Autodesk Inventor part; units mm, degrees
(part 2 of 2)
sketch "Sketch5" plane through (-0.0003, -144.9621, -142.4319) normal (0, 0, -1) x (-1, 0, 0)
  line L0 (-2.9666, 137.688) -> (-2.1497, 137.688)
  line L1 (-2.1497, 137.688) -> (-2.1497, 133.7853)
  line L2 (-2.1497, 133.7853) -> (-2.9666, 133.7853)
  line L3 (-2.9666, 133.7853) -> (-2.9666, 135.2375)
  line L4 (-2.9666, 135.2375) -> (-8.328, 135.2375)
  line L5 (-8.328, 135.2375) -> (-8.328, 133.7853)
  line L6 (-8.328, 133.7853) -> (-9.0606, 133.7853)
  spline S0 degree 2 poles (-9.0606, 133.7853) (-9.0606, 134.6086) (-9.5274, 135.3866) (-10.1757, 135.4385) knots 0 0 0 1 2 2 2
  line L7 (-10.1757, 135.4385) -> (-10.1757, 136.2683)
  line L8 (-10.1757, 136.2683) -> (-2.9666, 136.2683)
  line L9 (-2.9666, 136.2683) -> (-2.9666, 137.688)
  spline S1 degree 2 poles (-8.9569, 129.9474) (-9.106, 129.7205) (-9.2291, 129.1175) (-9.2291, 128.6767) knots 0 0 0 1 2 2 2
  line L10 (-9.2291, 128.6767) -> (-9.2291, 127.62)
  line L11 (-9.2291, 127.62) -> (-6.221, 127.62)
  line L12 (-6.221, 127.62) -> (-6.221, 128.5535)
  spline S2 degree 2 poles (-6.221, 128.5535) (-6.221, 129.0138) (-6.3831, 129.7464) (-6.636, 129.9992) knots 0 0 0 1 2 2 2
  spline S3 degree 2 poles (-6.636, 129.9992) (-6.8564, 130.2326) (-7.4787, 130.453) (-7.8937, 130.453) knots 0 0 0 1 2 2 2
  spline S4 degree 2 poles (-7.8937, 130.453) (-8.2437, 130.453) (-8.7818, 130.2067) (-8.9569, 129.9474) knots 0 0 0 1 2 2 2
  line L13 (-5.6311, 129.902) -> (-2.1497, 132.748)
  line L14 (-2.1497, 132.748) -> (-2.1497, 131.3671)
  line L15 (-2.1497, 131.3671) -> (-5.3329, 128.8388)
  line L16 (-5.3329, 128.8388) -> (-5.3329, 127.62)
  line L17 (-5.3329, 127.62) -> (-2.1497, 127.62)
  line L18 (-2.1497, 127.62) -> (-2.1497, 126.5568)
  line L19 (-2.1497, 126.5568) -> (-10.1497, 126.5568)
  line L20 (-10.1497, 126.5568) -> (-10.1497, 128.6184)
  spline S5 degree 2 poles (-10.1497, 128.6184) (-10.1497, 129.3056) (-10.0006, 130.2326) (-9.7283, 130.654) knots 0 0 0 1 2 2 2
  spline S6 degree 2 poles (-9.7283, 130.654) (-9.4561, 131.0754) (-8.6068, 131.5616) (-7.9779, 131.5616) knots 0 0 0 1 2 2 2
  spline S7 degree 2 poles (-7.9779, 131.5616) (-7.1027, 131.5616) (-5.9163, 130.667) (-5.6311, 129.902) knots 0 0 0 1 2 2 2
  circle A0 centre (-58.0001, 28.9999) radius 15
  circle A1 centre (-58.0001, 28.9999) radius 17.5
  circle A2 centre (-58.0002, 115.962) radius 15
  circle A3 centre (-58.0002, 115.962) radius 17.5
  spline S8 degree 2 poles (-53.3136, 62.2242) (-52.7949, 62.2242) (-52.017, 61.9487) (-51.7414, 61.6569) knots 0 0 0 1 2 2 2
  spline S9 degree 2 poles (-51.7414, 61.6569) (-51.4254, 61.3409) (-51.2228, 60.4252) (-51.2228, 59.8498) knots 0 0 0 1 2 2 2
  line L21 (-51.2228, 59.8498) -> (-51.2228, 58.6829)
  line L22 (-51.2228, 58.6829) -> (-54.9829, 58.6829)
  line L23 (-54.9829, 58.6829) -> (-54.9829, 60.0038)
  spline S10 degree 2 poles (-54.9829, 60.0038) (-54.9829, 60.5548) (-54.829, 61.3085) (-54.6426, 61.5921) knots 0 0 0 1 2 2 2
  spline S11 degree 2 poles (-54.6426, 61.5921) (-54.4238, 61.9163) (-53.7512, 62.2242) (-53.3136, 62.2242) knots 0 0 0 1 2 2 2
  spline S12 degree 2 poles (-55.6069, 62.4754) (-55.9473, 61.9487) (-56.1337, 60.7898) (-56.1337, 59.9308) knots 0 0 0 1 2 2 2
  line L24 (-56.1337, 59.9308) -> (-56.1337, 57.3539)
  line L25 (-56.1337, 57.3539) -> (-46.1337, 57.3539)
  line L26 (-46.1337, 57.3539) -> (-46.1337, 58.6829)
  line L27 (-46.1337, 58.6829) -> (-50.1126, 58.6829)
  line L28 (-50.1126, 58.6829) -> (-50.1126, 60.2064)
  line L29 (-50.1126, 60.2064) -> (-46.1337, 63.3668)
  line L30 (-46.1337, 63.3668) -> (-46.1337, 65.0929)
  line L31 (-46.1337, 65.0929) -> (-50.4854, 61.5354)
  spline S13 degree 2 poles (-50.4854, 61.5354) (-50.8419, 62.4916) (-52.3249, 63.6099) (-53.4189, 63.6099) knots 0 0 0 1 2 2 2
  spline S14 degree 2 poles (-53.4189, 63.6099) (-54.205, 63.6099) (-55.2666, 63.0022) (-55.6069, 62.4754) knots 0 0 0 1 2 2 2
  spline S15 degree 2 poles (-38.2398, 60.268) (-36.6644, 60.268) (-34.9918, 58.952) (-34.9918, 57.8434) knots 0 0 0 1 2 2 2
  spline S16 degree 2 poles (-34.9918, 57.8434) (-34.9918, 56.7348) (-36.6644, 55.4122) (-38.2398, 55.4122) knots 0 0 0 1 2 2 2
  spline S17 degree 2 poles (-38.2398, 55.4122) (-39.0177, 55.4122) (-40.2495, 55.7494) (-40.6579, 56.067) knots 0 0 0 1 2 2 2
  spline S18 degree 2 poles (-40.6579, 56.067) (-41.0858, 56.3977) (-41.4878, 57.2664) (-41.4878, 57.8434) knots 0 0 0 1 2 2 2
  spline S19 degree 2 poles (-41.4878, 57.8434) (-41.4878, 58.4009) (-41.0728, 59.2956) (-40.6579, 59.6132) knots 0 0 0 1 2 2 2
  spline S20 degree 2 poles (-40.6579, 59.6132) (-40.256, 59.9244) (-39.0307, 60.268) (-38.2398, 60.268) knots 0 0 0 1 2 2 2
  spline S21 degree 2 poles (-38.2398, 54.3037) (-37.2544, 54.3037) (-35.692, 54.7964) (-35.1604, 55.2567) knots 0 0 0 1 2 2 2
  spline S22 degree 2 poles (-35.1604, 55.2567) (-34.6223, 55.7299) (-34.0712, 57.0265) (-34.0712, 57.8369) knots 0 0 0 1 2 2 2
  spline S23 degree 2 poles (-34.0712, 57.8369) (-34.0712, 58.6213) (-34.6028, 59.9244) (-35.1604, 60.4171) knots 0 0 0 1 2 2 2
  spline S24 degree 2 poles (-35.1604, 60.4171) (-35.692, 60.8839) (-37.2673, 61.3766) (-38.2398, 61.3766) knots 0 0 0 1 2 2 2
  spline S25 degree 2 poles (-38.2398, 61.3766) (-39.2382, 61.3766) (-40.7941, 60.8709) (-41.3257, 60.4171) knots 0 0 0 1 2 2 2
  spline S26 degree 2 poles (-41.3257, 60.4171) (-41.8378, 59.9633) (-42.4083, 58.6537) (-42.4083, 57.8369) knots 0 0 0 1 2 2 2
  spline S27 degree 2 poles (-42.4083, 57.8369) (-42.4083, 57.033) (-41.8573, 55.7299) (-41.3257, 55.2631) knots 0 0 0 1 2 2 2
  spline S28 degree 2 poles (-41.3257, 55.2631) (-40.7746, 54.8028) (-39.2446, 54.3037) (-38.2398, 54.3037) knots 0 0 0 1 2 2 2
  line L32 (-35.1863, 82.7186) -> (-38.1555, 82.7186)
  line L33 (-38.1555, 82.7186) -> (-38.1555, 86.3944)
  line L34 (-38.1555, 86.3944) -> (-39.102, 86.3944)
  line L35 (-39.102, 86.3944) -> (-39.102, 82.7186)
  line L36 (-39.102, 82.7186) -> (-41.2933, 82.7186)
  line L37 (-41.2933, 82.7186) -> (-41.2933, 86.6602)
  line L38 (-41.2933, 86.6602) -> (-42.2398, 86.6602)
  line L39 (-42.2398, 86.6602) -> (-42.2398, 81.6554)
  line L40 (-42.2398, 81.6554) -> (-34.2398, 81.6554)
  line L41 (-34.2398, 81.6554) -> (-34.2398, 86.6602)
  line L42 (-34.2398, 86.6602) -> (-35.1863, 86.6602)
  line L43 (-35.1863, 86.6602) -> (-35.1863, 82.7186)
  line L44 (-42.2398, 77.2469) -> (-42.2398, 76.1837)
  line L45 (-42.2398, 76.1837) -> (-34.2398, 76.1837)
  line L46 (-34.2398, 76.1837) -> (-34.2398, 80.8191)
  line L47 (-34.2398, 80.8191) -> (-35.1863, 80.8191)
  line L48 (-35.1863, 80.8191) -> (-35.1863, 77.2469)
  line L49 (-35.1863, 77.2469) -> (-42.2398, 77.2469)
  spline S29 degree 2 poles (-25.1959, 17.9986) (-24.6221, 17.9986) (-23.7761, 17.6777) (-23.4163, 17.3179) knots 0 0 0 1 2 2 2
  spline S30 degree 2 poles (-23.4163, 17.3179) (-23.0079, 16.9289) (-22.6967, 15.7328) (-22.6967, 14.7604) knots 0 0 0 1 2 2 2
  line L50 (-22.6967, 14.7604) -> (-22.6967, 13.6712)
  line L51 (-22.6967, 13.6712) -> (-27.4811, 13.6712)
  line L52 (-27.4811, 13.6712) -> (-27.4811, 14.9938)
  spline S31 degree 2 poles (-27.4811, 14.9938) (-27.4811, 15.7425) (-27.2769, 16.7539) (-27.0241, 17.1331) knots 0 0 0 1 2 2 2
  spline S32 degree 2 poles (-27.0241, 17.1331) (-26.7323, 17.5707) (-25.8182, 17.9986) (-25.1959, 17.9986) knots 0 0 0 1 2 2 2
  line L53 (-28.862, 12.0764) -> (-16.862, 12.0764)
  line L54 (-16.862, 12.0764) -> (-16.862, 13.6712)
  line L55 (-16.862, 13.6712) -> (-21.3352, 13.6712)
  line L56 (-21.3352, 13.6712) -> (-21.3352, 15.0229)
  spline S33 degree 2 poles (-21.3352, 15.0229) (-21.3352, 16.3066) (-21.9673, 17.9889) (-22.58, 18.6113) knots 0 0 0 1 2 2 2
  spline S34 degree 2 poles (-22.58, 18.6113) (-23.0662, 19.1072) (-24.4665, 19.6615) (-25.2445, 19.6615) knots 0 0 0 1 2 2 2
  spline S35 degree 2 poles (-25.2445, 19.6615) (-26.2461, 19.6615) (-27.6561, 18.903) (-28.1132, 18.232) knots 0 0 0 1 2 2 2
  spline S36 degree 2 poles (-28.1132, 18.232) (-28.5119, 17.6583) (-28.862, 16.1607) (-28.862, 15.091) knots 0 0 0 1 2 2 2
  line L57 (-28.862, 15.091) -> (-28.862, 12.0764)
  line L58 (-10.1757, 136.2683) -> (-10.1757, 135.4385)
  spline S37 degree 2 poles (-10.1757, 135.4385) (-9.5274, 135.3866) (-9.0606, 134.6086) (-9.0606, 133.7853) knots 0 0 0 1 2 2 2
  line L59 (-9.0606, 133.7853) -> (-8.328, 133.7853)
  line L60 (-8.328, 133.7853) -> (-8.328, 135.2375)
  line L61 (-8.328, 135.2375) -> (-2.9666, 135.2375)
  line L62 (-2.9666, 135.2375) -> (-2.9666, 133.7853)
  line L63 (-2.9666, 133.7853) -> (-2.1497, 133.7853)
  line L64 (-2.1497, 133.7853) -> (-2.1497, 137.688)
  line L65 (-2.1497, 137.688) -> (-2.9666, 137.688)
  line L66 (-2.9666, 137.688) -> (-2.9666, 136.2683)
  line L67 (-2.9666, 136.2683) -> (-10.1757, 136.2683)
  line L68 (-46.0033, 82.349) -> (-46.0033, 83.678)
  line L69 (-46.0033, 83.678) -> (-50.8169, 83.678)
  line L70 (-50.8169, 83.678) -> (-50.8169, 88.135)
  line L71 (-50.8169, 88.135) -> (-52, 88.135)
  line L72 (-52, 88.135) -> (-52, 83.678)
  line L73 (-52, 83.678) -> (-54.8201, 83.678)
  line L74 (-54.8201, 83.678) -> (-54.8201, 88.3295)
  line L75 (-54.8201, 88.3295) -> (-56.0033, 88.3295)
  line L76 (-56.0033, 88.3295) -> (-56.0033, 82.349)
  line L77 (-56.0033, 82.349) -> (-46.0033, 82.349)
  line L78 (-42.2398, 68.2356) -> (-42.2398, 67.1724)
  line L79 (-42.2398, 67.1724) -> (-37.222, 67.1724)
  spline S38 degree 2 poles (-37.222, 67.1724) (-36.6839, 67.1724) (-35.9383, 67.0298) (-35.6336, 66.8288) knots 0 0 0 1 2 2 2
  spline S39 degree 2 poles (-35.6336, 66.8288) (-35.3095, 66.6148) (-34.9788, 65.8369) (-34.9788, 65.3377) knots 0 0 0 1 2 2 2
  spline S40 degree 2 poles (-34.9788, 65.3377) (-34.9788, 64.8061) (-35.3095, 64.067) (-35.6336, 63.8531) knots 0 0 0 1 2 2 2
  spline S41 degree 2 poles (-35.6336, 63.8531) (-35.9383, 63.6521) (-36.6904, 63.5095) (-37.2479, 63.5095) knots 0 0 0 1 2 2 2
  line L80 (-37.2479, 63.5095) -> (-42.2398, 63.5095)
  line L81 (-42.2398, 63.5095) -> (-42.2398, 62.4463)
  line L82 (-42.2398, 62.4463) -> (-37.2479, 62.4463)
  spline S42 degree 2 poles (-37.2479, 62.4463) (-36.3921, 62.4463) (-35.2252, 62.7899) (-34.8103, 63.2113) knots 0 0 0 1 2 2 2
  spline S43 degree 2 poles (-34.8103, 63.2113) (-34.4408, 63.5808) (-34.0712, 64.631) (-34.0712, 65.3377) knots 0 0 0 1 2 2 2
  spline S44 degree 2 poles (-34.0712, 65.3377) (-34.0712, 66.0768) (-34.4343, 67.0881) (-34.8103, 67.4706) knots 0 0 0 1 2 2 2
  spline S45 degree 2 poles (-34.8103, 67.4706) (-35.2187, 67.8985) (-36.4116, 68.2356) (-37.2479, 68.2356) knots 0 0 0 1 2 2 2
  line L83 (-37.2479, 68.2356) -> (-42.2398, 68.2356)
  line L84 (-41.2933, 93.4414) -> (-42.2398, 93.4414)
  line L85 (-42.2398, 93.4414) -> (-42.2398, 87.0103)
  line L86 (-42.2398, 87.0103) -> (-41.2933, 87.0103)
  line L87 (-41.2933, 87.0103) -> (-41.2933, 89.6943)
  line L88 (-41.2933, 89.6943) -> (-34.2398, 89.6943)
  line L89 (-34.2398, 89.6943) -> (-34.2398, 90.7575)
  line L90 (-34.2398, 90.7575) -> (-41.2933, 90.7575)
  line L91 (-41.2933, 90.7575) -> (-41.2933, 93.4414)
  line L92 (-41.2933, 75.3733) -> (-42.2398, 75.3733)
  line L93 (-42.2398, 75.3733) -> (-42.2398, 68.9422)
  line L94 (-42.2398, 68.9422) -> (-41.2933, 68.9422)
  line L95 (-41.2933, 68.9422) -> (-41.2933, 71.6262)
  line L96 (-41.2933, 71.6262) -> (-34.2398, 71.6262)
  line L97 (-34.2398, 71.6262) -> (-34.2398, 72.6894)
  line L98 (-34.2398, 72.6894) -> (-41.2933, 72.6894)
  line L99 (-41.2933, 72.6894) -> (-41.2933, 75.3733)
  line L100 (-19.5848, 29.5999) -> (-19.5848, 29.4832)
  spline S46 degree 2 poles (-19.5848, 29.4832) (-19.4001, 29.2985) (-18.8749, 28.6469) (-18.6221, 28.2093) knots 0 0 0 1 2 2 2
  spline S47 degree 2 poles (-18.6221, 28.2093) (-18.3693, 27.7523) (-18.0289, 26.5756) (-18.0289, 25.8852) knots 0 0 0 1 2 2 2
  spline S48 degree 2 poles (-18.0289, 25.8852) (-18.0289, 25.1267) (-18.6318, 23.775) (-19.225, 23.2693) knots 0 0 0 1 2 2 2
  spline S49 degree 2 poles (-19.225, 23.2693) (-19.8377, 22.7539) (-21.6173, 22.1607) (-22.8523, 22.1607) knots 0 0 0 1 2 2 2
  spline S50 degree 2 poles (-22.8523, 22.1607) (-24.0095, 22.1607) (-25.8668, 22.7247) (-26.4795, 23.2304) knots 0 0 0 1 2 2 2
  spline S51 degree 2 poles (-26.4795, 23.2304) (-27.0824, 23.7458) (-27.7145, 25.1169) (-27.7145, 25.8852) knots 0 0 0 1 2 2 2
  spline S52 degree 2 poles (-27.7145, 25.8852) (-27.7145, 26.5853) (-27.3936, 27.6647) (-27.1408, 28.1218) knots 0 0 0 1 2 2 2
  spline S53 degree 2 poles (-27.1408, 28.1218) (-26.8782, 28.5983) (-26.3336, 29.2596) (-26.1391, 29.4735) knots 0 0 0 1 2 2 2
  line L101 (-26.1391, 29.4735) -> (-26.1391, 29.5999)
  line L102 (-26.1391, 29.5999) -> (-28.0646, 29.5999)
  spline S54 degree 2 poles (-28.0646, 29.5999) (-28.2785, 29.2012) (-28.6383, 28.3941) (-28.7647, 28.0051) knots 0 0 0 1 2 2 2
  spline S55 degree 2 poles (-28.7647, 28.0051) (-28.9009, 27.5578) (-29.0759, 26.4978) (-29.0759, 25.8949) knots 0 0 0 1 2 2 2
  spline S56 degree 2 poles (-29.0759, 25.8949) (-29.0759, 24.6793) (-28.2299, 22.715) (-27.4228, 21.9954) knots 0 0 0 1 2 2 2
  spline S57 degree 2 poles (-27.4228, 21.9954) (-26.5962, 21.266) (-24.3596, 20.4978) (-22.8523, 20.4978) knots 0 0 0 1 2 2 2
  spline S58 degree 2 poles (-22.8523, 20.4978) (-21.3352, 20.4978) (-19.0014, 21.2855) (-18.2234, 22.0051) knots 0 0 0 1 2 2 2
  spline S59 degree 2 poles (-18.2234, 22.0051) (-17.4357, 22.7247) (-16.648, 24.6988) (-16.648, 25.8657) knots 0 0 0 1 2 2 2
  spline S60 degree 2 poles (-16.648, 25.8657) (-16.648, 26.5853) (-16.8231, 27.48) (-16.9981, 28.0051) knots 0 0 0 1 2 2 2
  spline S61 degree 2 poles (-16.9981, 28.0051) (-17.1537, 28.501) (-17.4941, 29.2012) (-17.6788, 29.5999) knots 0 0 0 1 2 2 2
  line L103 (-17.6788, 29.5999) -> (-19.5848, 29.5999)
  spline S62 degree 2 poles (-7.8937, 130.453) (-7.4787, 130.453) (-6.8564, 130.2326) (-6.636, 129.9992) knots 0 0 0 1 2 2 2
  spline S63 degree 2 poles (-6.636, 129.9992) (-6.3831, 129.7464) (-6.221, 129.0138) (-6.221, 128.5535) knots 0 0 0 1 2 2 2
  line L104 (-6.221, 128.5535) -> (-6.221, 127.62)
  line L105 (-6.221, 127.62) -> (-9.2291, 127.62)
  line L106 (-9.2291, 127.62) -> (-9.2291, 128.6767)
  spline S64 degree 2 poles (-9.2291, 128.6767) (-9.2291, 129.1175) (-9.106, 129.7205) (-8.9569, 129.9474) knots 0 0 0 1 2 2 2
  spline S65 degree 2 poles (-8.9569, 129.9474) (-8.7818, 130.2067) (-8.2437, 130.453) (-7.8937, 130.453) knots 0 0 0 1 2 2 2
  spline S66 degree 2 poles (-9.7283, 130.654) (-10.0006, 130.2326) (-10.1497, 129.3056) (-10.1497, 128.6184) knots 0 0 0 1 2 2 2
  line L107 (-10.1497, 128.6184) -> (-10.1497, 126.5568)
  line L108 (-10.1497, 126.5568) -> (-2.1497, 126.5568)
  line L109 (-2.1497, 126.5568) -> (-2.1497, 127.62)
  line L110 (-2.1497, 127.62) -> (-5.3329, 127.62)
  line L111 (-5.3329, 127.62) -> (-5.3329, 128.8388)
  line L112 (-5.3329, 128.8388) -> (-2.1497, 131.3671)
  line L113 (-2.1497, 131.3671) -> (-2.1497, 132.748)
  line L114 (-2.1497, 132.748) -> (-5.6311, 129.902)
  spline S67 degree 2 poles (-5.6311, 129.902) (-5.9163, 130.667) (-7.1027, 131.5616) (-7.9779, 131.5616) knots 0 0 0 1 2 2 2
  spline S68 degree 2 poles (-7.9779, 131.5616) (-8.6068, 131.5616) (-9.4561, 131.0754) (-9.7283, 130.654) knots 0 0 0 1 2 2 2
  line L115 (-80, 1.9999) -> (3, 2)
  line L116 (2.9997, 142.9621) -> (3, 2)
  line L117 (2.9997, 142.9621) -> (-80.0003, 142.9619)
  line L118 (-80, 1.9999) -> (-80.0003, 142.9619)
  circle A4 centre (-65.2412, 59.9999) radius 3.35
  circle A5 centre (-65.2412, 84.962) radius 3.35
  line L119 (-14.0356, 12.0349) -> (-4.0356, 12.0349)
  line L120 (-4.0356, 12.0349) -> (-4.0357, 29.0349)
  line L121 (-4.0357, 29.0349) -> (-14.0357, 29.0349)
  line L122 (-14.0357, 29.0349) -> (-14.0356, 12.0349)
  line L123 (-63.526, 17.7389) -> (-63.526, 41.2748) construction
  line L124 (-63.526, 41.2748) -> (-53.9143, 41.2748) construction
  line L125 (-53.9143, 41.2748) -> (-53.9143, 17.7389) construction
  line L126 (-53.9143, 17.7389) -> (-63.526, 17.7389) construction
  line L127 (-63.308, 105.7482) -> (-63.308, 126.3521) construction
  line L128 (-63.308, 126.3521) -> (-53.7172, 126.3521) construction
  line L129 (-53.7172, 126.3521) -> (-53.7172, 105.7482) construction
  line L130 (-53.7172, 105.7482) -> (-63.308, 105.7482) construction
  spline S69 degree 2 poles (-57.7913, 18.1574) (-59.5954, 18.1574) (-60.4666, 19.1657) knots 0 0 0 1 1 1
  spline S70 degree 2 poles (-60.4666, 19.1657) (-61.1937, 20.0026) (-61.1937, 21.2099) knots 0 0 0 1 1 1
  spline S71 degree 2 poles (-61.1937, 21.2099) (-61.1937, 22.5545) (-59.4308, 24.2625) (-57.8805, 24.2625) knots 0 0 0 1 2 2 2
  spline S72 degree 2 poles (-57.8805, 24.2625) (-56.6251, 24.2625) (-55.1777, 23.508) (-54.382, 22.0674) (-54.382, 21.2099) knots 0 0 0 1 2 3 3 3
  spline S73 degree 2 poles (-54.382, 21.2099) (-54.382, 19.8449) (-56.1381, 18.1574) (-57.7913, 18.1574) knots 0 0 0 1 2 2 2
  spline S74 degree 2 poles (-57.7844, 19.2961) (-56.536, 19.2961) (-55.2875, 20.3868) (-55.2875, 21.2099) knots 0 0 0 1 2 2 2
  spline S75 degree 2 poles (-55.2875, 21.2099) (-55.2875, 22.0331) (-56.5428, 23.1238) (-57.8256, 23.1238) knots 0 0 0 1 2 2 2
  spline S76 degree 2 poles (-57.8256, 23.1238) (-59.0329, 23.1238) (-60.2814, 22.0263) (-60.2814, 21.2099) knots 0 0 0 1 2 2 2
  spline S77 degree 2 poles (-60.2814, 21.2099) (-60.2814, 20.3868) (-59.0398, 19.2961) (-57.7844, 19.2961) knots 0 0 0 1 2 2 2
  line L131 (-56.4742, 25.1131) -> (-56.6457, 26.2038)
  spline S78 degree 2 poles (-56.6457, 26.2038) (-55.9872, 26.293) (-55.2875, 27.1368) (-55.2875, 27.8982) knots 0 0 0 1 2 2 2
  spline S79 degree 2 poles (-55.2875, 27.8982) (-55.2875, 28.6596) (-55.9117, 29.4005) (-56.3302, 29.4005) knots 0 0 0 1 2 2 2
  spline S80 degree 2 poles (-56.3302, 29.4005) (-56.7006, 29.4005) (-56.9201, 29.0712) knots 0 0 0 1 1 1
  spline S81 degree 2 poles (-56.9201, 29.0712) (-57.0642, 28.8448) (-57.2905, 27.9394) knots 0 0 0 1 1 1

> _ASSIGNMENT_:
Reproduce verbatim the lines above, from the line with "line L84 (-41.2933, 93.4414)" through the line with "spline S49 degree".

> _YOUR RESPONSE_:
  line L84 (-41.2933, 93.4414) -> (-42.2398, 93.4414)
  line L85 (-42.2398, 93.4414) -> (-42.2398, 87.0103)
  line L86 (-42.2398, 87.0103) -> (-41.2933, 87.0103)
  line L87 (-41.2933, 87.0103) -> (-41.2933, 89.6943)
  line L88 (-41.2933, 89.6943) -> (-34.2398, 89.6943)
  line L89 (-34.2398, 89.6943) -> (-34.2398, 90.7575)
  line L90 (-34.2398, 90.7575) -> (-41.2933, 90.7575)
  line L91 (-41.2933, 90.7575) -> (-41.2933, 93.4414)
  line L92 (-41.2933, 75.3733) -> (-42.2398, 75.3733)
  line L93 (-42.2398, 75.3733) -> (-42.2398, 68.9422)
  line L94 (-42.2398, 68.9422) -> (-41.2933, 68.9422)
  line L95 (-41.2933, 68.9422) -> (-41.2933, 71.6262)
  line L96 (-41.2933, 71.6262) -> (-34.2398, 71.6262)
  line L97 (-34.2398, 71.6262) -> (-34.2398, 72.6894)
  line L98 (-34.2398, 72.6894) -> (-41.2933, 72.6894)
  line L99 (-41.2933, 72.6894) -> (-41.2933, 75.3733)
  line L100 (-19.5848, 29.5999) -> (-19.5848, 29.4832)
  spline S46 degree 2 poles (-19.5848, 29.4832) (-19.4001, 29.2985) (-18.8749, 28.6469) (-18.6221, 28.2093) knots 0 0 0 1 2 2 2
  spline S47 degree 2 poles (-18.6221, 28.2093) (-18.3693, 27.7523) (-18.0289, 26.5756) (-18.0289, 25.8852) knots 0 0 0 1 2 2 2
  spline S48 degree 2 poles (-18.0289, 25.8852) (-18.0289, 25.1267) (-18.6318, 23.775) (-19.225, 23.2693) knots 0 0 0 1 2 2 2
  spline S49 degree 2 poles (-19.225, 23.2693) (-19.8377, 22.7539) (-21.6173, 22.1607) (-22.8523, 22.1607) knots 0 0 0 1 2 2 2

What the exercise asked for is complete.